Managers from Hannaford in Brattleboro and Shaw's in Wilmington referred to the Reformer to spokespeople for their companies.

"As we all continue to navigate through this public health crisis together Shaw's and Star Market are continuing to do everything we can to prioritize the health and safety of our customers, our communities, and our associates, and to ensure our customers have access to the food, medications, and other essential goods they need at this critical time," Teresa Edington, Shaw's external communication manager, wrote in an email. "In addition, we have implemented several steps to ensure the safety of the people who shop in and work in our stores."

Shaw's and Star Market have added plexiglass in checkout lanes at its 150 stores. That "serves as protective barrier between customers and cashiers and provide added reassurance and peace of mind," the email states.

Employees are "regularly reminded" to follow all federal Centers for Disease Control and Prevention guidelines such as frequent hand washing and surface cleaning.

"We've taken enhanced measures to clean and disinfect all departments, restrooms and other high-touch points of the store throughout the day, as well as a deep cleanse at the end of each business day," Edington said.

Posters are going up in stores to remind customers to practice "social distancing" and keep six feet away from another one.

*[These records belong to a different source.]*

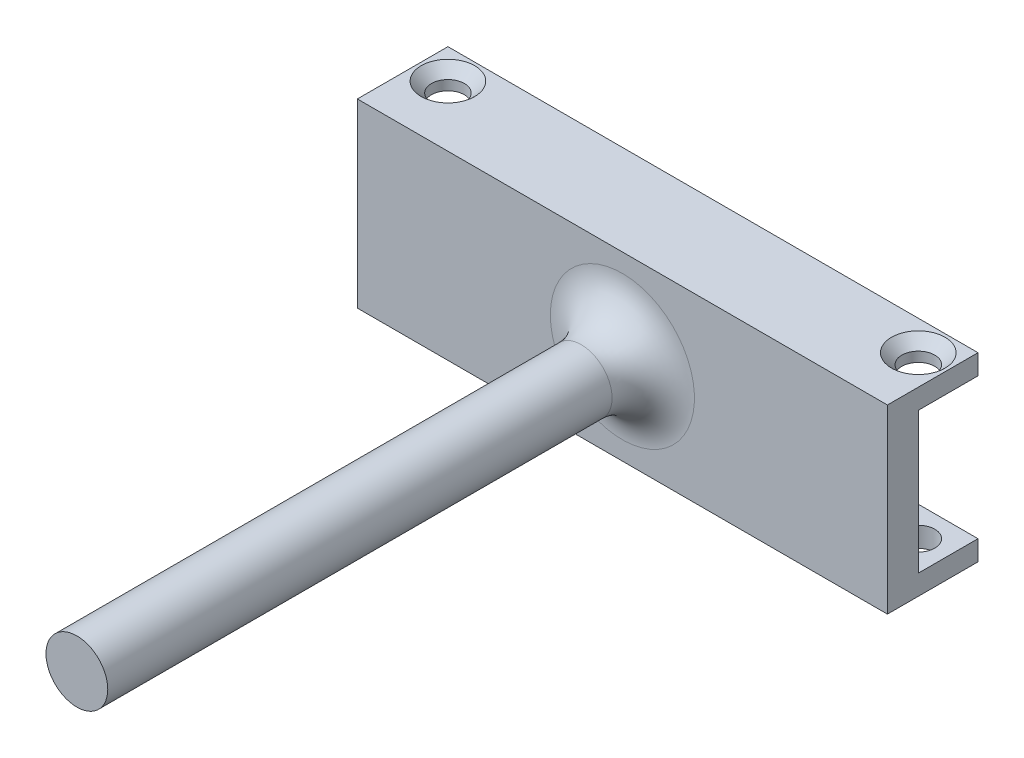
ISO-10303-21;
HEADER;
FILE_DESCRIPTION(('STEP AP214'),'2;1');
FILE_NAME('part.step','',(''),(''),'','','');
FILE_SCHEMA(('AUTOMOTIVE_DESIGN { 1 0 10303 214 1 1 1 1 }'));
ENDSEC;
DATA;
#1=APPLICATION_CONTEXT('core data for automotive mechanical design processes');
#2=APPLICATION_PROTOCOL_DEFINITION('international standard','automotive_design',2000,#1);
#3=PRODUCT_CONTEXT('',#1,'mechanical');
#4=PRODUCT('Part','Part','',(#3));
#5=PRODUCT_RELATED_PRODUCT_CATEGORY('part','',(#4));
#6=PRODUCT_DEFINITION_FORMATION('','',#4);
#7=PRODUCT_DEFINITION_CONTEXT('part definition',#1,'design');
#8=PRODUCT_DEFINITION('design','',#6,#7);
#9=PRODUCT_DEFINITION_SHAPE('','',#8);
#10=(LENGTH_UNIT() NAMED_UNIT(*) SI_UNIT(.MILLI.,.METRE.));
#11=(NAMED_UNIT(*) PLANE_ANGLE_UNIT() SI_UNIT($,.RADIAN.));
#12=(NAMED_UNIT(*) SI_UNIT($,.STERADIAN.) SOLID_ANGLE_UNIT());
#13=UNCERTAINTY_MEASURE_WITH_UNIT(LENGTH_MEASURE(1.E-05),#10,'distance_accuracy_value','');
#14=(GEOMETRIC_REPRESENTATION_CONTEXT(3) GLOBAL_UNCERTAINTY_ASSIGNED_CONTEXT((#13)) GLOBAL_UNIT_ASSIGNED_CONTEXT((#10,
#11,#12)) REPRESENTATION_CONTEXT('',''));
#15=CARTESIAN_POINT('',(0.,0.,0.));
#16=DIRECTION('',(0.,0.,1.));
#17=DIRECTION('',(1.,0.,0.));
#18=AXIS2_PLACEMENT_3D('',#15,#16,#17);
#19=CARTESIAN_POINT('',(0.,0.,0.));
#20=DIRECTION('',(0.,0.,-1.));
#21=DIRECTION('',(-1.,0.,0.));
#22=AXIS2_PLACEMENT_3D('',#19,#20,#21);
#23=PLANE('',#22);
#24=DIRECTION('',(1.,0.,0.));
#25=VECTOR('',#24,1.);
#26=CARTESIAN_POINT('',(51.5,15.65,0.));
#27=LINE('',#26,#25);
#28=CARTESIAN_POINT('',(0.,15.65,0.));
#29=VERTEX_POINT('',#28);
#30=CARTESIAN_POINT('',(51.5,15.65,0.));
#31=VERTEX_POINT('',#30);
#32=EDGE_CURVE('E131',#29,#31,#27,.T.);
#33=ORIENTED_EDGE('',*,*,#32,.F.);
#34=DIRECTION('',(0.,-1.,0.));
#35=VECTOR('',#34,1.);
#36=CARTESIAN_POINT('',(0.,0.,0.));
#37=LINE('',#36,#35);
#38=CARTESIAN_POINT('',(0.,17.6,0.));
#39=VERTEX_POINT('',#38);
#40=EDGE_CURVE('E151',#39,#29,#37,.T.);
#41=ORIENTED_EDGE('',*,*,#40,.F.);
#42=DIRECTION('',(-1.,0.,0.));
#43=VECTOR('',#42,1.);
#44=CARTESIAN_POINT('',(0.,17.6,0.));
#45=LINE('',#44,#43);
#46=CARTESIAN_POINT('',(51.5,17.6,0.));
#47=VERTEX_POINT('',#46);
#48=EDGE_CURVE('E86',#47,#39,#45,.T.);
#49=ORIENTED_EDGE('',*,*,#48,.F.);
#50=DIRECTION('',(0.,1.,0.));
#51=VECTOR('',#50,1.);
#52=CARTESIAN_POINT('',(51.5,0.,0.));
#53=LINE('',#52,#51);
#54=EDGE_CURVE('E157',#31,#47,#53,.T.);
#55=ORIENTED_EDGE('',*,*,#54,.F.);
#56=EDGE_LOOP('',(#33,#41,#49,#55));
#57=FACE_BOUND('',#56,.T.);
#58=ADVANCED_FACE('F41',(#57),#23,.T.);
#59=CARTESIAN_POINT('',(0.,0.,8.8));
#60=DIRECTION('',(1.,0.,0.));
#61=DIRECTION('',(0.,1.,0.));
#62=AXIS2_PLACEMENT_3D('',#59,#60,#61);
#63=PLANE('',#62);
#64=ORIENTED_EDGE('',*,*,#40,.T.);
#65=DIRECTION('',(0.,0.,-1.));
#66=VECTOR('',#65,1.);
#67=CARTESIAN_POINT('',(0.,15.65,5.8));
#68=LINE('',#67,#66);
#69=CARTESIAN_POINT('',(0.,15.65,5.8));
#70=VERTEX_POINT('',#69);
#71=EDGE_CURVE('E139',#70,#29,#68,.T.);
#72=ORIENTED_EDGE('',*,*,#71,.F.);
#73=DIRECTION('',(0.,1.,0.));
#74=VECTOR('',#73,1.);
#75=CARTESIAN_POINT('',(0.,1.95,5.8));
#76=LINE('',#75,#74);
#77=CARTESIAN_POINT('',(0.,1.95,5.8));
#78=VERTEX_POINT('',#77);
#79=EDGE_CURVE('E121',#78,#70,#76,.T.);
#80=ORIENTED_EDGE('',*,*,#79,.F.);
#81=DIRECTION('',(0.,0.,-1.));
#82=VECTOR('',#81,1.);
#83=CARTESIAN_POINT('',(0.,1.95,5.8));
#84=LINE('',#83,#82);
#85=CARTESIAN_POINT('',(0.,1.95,0.));
#86=VERTEX_POINT('',#85);
#87=EDGE_CURVE('E118',#78,#86,#84,.T.);
#88=ORIENTED_EDGE('',*,*,#87,.T.);
#89=CARTESIAN_POINT('',(0.,0.,0.));
#90=VERTEX_POINT('',#89);
#91=EDGE_CURVE('E155',#86,#90,#37,.T.);
#92=ORIENTED_EDGE('',*,*,#91,.T.);
#93=DIRECTION('',(0.,0.,-1.));
#94=VECTOR('',#93,1.);
#95=CARTESIAN_POINT('',(0.,0.,8.8));
#96=LINE('',#95,#94);
#97=CARTESIAN_POINT('',(0.,0.,8.8));
#98=VERTEX_POINT('',#97);
#99=EDGE_CURVE('E165',#98,#90,#96,.T.);
#100=ORIENTED_EDGE('',*,*,#99,.F.);
#101=DIRECTION('',(0.,-1.,0.));
#102=VECTOR('',#101,1.);
#103=CARTESIAN_POINT('',(0.,0.,8.8));
#104=LINE('',#103,#102);
#105=CARTESIAN_POINT('',(0.,17.6,8.8));
#106=VERTEX_POINT('',#105);
#107=EDGE_CURVE('E144',#106,#98,#104,.T.);
#108=ORIENTED_EDGE('',*,*,#107,.F.);
#109=DIRECTION('',(0.,0.,-1.));
#110=VECTOR('',#109,1.);
#111=CARTESIAN_POINT('',(0.,17.6,8.8));
#112=LINE('',#111,#110);
#113=EDGE_CURVE('E150',#106,#39,#112,.T.);
#114=ORIENTED_EDGE('',*,*,#113,.T.);
#115=EDGE_LOOP('',(#64,#72,#80,#88,#92,#100,#108,#114));
#116=FACE_BOUND('',#115,.T.);
#117=ADVANCED_FACE('F204',(#116),#63,.F.);
#118=CARTESIAN_POINT('',(0.,0.,8.8));
#119=DIRECTION('',(0.,1.,0.));
#120=DIRECTION('',(0.,0.,1.));
#121=AXIS2_PLACEMENT_3D('',#118,#119,#120);
#122=PLANE('',#121);
#123=CARTESIAN_POINT('',(2.90000000000001,0.,2.9));
#124=DIRECTION('',(0.,1.,0.));
#125=DIRECTION('',(0.,0.,1.));
#126=AXIS2_PLACEMENT_3D('',#123,#124,#125);
#127=CIRCLE('',#126,1.6);
#128=CARTESIAN_POINT('',(2.90000000000001,0.,4.5));
#129=VERTEX_POINT('',#128);
#130=EDGE_CURVE('E232',#129,#129,#127,.T.);
#131=ORIENTED_EDGE('',*,*,#130,.T.);
#132=EDGE_LOOP('',(#131));
#133=FACE_BOUND('',#132,.T.);
#134=CARTESIAN_POINT('',(48.6,0.,2.9));
#135=DIRECTION('',(0.,1.,0.));
#136=DIRECTION('',(0.,0.,1.));
#137=AXIS2_PLACEMENT_3D('',#134,#135,#136);
#138=CIRCLE('',#137,1.6);
#139=CARTESIAN_POINT('',(48.6,0.,4.5));
#140=VERTEX_POINT('',#139);
#141=EDGE_CURVE('E177',#140,#140,#138,.T.);
#142=ORIENTED_EDGE('',*,*,#141,.T.);
#143=EDGE_LOOP('',(#142));
#144=FACE_BOUND('',#143,.T.);
#145=DIRECTION('',(1.,0.,0.));
#146=VECTOR('',#145,1.);
#147=CARTESIAN_POINT('',(0.,0.,0.));
#148=LINE('',#147,#146);
#149=CARTESIAN_POINT('',(51.5,0.,0.));
#150=VERTEX_POINT('',#149);
#151=EDGE_CURVE('E154',#90,#150,#148,.T.);
#152=ORIENTED_EDGE('',*,*,#151,.T.);
#153=DIRECTION('',(0.,0.,-1.));
#154=VECTOR('',#153,1.);
#155=CARTESIAN_POINT('',(51.5,0.,8.8));
#156=LINE('',#155,#154);
#157=CARTESIAN_POINT('',(51.5,0.,8.8));
#158=VERTEX_POINT('',#157);
#159=EDGE_CURVE('E163',#158,#150,#156,.T.);
#160=ORIENTED_EDGE('',*,*,#159,.F.);
#161=DIRECTION('',(1.,0.,0.));
#162=VECTOR('',#161,1.);
#163=CARTESIAN_POINT('',(0.,0.,8.8));
#164=LINE('',#163,#162);
#165=EDGE_CURVE('E94',#98,#158,#164,.T.);
#166=ORIENTED_EDGE('',*,*,#165,.F.);
#167=ORIENTED_EDGE('',*,*,#99,.T.);
#168=EDGE_LOOP('',(#152,#160,#166,#167));
#169=FACE_BOUND('',#168,.T.);
#170=ADVANCED_FACE('F211',(#133,#144,#169),#122,.F.);
#171=CARTESIAN_POINT('',(51.5,0.,8.8));
#172=DIRECTION('',(-1.,0.,0.));
#173=DIRECTION('',(0.,-1.,0.));
#174=AXIS2_PLACEMENT_3D('',#171,#172,#173);
#175=PLANE('',#174);
#176=DIRECTION('',(0.,-1.,0.));
#177=VECTOR('',#176,1.);
#178=CARTESIAN_POINT('',(51.5,1.95,5.8));
#179=LINE('',#178,#177);
#180=CARTESIAN_POINT('',(51.5,15.65,5.8));
#181=VERTEX_POINT('',#180);
#182=CARTESIAN_POINT('',(51.5,1.95,5.8));
#183=VERTEX_POINT('',#182);
#184=EDGE_CURVE('E122',#181,#183,#179,.T.);
#185=ORIENTED_EDGE('',*,*,#184,.F.);
#186=DIRECTION('',(0.,0.,-1.));
#187=VECTOR('',#186,1.);
#188=CARTESIAN_POINT('',(51.5,15.65,5.8));
#189=LINE('',#188,#187);
#190=EDGE_CURVE('E239',#181,#31,#189,.T.);
#191=ORIENTED_EDGE('',*,*,#190,.T.);
#192=ORIENTED_EDGE('',*,*,#54,.T.);
#193=DIRECTION('',(0.,0.,-1.));
#194=VECTOR('',#193,1.);
#195=CARTESIAN_POINT('',(51.5,17.6,8.8));
#196=LINE('',#195,#194);
#197=CARTESIAN_POINT('',(51.5,17.6,8.8));
#198=VERTEX_POINT('',#197);
#199=EDGE_CURVE('E161',#198,#47,#196,.T.);
#200=ORIENTED_EDGE('',*,*,#199,.F.);
#201=DIRECTION('',(0.,1.,0.));
#202=VECTOR('',#201,1.);
#203=CARTESIAN_POINT('',(51.5,0.,8.8));
#204=LINE('',#203,#202);
#205=EDGE_CURVE('E147',#158,#198,#204,.T.);
#206=ORIENTED_EDGE('',*,*,#205,.F.);
#207=ORIENTED_EDGE('',*,*,#159,.T.);
#208=CARTESIAN_POINT('',(51.5,1.95,0.));
#209=VERTEX_POINT('',#208);
#210=EDGE_CURVE('E137',#150,#209,#53,.T.);
#211=ORIENTED_EDGE('',*,*,#210,.T.);
#212=DIRECTION('',(0.,0.,-1.));
#213=VECTOR('',#212,1.);
#214=CARTESIAN_POINT('',(51.5,1.95,5.8));
#215=LINE('',#214,#213);
#216=EDGE_CURVE('E56',#183,#209,#215,.T.);
#217=ORIENTED_EDGE('',*,*,#216,.F.);
#218=EDGE_LOOP('',(#185,#191,#192,#200,#206,#207,#211,#217));
#219=FACE_BOUND('',#218,.T.);
#220=ADVANCED_FACE('F134',(#219),#175,.F.);
#221=CARTESIAN_POINT('',(0.,17.6,8.8));
#222=DIRECTION('',(0.,-1.,0.));
#223=DIRECTION('',(0.,0.,-1.));
#224=AXIS2_PLACEMENT_3D('',#221,#222,#223);
#225=PLANE('',#224);
#226=CARTESIAN_POINT('',(48.6,17.6,2.9));
#227=DIRECTION('',(0.,-1.,0.));
#228=DIRECTION('',(0.,0.,-1.));
#229=AXIS2_PLACEMENT_3D('',#226,#227,#228);
#230=CIRCLE('',#229,2.6);
#231=CARTESIAN_POINT('',(48.6,17.6,0.299999999999995));
#232=VERTEX_POINT('',#231);
#233=EDGE_CURVE('E183',#232,#232,#230,.T.);
#234=ORIENTED_EDGE('',*,*,#233,.T.);
#235=EDGE_LOOP('',(#234));
#236=FACE_BOUND('',#235,.T.);
#237=CARTESIAN_POINT('',(2.90000000000001,17.6,2.9));
#238=DIRECTION('',(0.,-1.,0.));
#239=DIRECTION('',(0.,0.,-1.));
#240=AXIS2_PLACEMENT_3D('',#237,#238,#239);
#241=CIRCLE('',#240,2.6);
#242=CARTESIAN_POINT('',(2.90000000000001,17.6,0.300000000000002));
#243=VERTEX_POINT('',#242);
#244=EDGE_CURVE('E180',#243,#243,#241,.T.);
#245=ORIENTED_EDGE('',*,*,#244,.T.);
#246=EDGE_LOOP('',(#245));
#247=FACE_BOUND('',#246,.T.);
#248=ORIENTED_EDGE('',*,*,#48,.T.);
#249=ORIENTED_EDGE('',*,*,#113,.F.);
#250=DIRECTION('',(-1.,0.,0.));
#251=VECTOR('',#250,1.);
#252=CARTESIAN_POINT('',(0.,17.6,8.8));
#253=LINE('',#252,#251);
#254=EDGE_CURVE('E65',#198,#106,#253,.T.);
#255=ORIENTED_EDGE('',*,*,#254,.F.);
#256=ORIENTED_EDGE('',*,*,#199,.T.);
#257=EDGE_LOOP('',(#248,#249,#255,#256));
#258=FACE_BOUND('',#257,.T.);
#259=ADVANCED_FACE('F227',(#236,#247,#258),#225,.F.);
#260=CARTESIAN_POINT('',(0.,0.,8.8));
#261=DIRECTION('',(0.,0.,-1.));
#262=DIRECTION('',(-1.,0.,0.));
#263=AXIS2_PLACEMENT_3D('',#260,#261,#262);
#264=PLANE('',#263);
#265=CARTESIAN_POINT('',(25.75,8.8,8.8));
#266=DIRECTION('',(0.,0.,-1.));
#267=DIRECTION('',(-1.,0.,0.));
#268=AXIS2_PLACEMENT_3D('',#265,#266,#267);
#269=CIRCLE('',#268,7.);
#270=CARTESIAN_POINT('',(18.75,8.8,8.8));
#271=VERTEX_POINT('',#270);
#272=EDGE_CURVE('E11',#271,#271,#269,.T.);
#273=ORIENTED_EDGE('',*,*,#272,.T.);
#274=EDGE_LOOP('',(#273));
#275=FACE_BOUND('',#274,.T.);
#276=ORIENTED_EDGE('',*,*,#107,.T.);
#277=ORIENTED_EDGE('',*,*,#165,.T.);
#278=ORIENTED_EDGE('',*,*,#205,.T.);
#279=ORIENTED_EDGE('',*,*,#254,.T.);
#280=EDGE_LOOP('',(#276,#277,#278,#279));
#281=FACE_BOUND('',#280,.T.);
#282=ADVANCED_FACE('F219',(#275,#281),#264,.F.);
#283=DIRECTION('',(-1.,0.,0.));
#284=VECTOR('',#283,1.);
#285=CARTESIAN_POINT('',(51.5,1.95,0.));
#286=LINE('',#285,#284);
#287=EDGE_CURVE('E230',#209,#86,#286,.T.);
#288=ORIENTED_EDGE('',*,*,#287,.F.);
#289=ORIENTED_EDGE('',*,*,#210,.F.);
#290=ORIENTED_EDGE('',*,*,#151,.F.);
#291=ORIENTED_EDGE('',*,*,#91,.F.);
#292=EDGE_LOOP('',(#288,#289,#290,#291));
#293=FACE_BOUND('',#292,.T.);
#294=ADVANCED_FACE('F207',(#293),#23,.T.);
#295=CARTESIAN_POINT('',(51.5,15.65,5.8));
#296=DIRECTION('',(0.,1.,0.));
#297=DIRECTION('',(0.,0.,1.));
#298=AXIS2_PLACEMENT_3D('',#295,#296,#297);
#299=PLANE('',#298);
#300=CARTESIAN_POINT('',(2.90000000000001,15.65,2.9));
#301=DIRECTION('',(0.,1.,0.));
#302=DIRECTION('',(0.,0.,1.));
#303=AXIS2_PLACEMENT_3D('',#300,#301,#302);
#304=CIRCLE('',#303,1.6);
#305=CARTESIAN_POINT('',(2.90000000000001,15.65,4.5));
#306=VERTEX_POINT('',#305);
#307=EDGE_CURVE('E176',#306,#306,#304,.T.);
#308=ORIENTED_EDGE('',*,*,#307,.T.);
#309=EDGE_LOOP('',(#308));
#310=FACE_BOUND('',#309,.T.);
#311=CARTESIAN_POINT('',(48.6,15.65,2.9));
#312=DIRECTION('',(0.,1.,0.));
#313=DIRECTION('',(0.,0.,1.));
#314=AXIS2_PLACEMENT_3D('',#311,#312,#313);
#315=CIRCLE('',#314,1.6);
#316=CARTESIAN_POINT('',(48.6,15.65,4.5));
#317=VERTEX_POINT('',#316);
#318=EDGE_CURVE('E171',#317,#317,#315,.T.);
#319=ORIENTED_EDGE('',*,*,#318,.T.);
#320=EDGE_LOOP('',(#319));
#321=FACE_BOUND('',#320,.T.);
#322=ORIENTED_EDGE('',*,*,#32,.T.);
#323=ORIENTED_EDGE('',*,*,#190,.F.);
#324=DIRECTION('',(1.,0.,0.));
#325=VECTOR('',#324,1.);
#326=CARTESIAN_POINT('',(51.5,15.65,5.8));
#327=LINE('',#326,#325);
#328=EDGE_CURVE('E128',#70,#181,#327,.T.);
#329=ORIENTED_EDGE('',*,*,#328,.F.);
#330=ORIENTED_EDGE('',*,*,#71,.T.);
#331=EDGE_LOOP('',(#322,#323,#329,#330));
#332=FACE_BOUND('',#331,.T.);
#333=ADVANCED_FACE('F218',(#310,#321,#332),#299,.F.);
#334=CARTESIAN_POINT('',(51.5,1.95,5.8));
#335=DIRECTION('',(0.,-1.,0.));
#336=DIRECTION('',(0.,0.,-1.));
#337=AXIS2_PLACEMENT_3D('',#334,#335,#336);
#338=PLANE('',#337);
#339=CARTESIAN_POINT('',(2.90000000000001,1.95,2.9));
#340=DIRECTION('',(0.,-1.,0.));
#341=DIRECTION('',(0.,0.,-1.));
#342=AXIS2_PLACEMENT_3D('',#339,#340,#341);
#343=CIRCLE('',#342,1.6);
#344=CARTESIAN_POINT('',(2.90000000000001,1.95,1.3));
#345=VERTEX_POINT('',#344);
#346=EDGE_CURVE('E173',#345,#345,#343,.T.);
#347=ORIENTED_EDGE('',*,*,#346,.T.);
#348=EDGE_LOOP('',(#347));
#349=FACE_BOUND('',#348,.T.);
#350=CARTESIAN_POINT('',(48.6,1.95,2.9));
#351=DIRECTION('',(0.,-1.,0.));
#352=DIRECTION('',(0.,0.,-1.));
#353=AXIS2_PLACEMENT_3D('',#350,#351,#352);
#354=CIRCLE('',#353,1.6);
#355=CARTESIAN_POINT('',(48.6,1.95,1.3));
#356=VERTEX_POINT('',#355);
#357=EDGE_CURVE('E168',#356,#356,#354,.T.);
#358=ORIENTED_EDGE('',*,*,#357,.T.);
#359=EDGE_LOOP('',(#358));
#360=FACE_BOUND('',#359,.T.);
#361=ORIENTED_EDGE('',*,*,#287,.T.);
#362=ORIENTED_EDGE('',*,*,#87,.F.);
#363=DIRECTION('',(-1.,0.,0.));
#364=VECTOR('',#363,1.);
#365=CARTESIAN_POINT('',(51.5,1.95,5.8));
#366=LINE('',#365,#364);
#367=EDGE_CURVE('E114',#183,#78,#366,.T.);
#368=ORIENTED_EDGE('',*,*,#367,.F.);
#369=ORIENTED_EDGE('',*,*,#216,.T.);
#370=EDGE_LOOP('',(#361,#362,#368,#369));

That is approximately two shopping carts, Edington said, adding that "designated waiting points" have been installed through floor markers to help spread people out.

"We are constantly looking for solutions to help us improve this practice in our stores," she said.

All Vermont, Rhode Island, New Hampshire and Maine stores are open 7 a.m. to 8 p.m. Sunday through Sunday. And Tuesdays and Thursdays from 7 a.m. to 9 a.m. are reserved for senior citizens and other at-risk members of the community.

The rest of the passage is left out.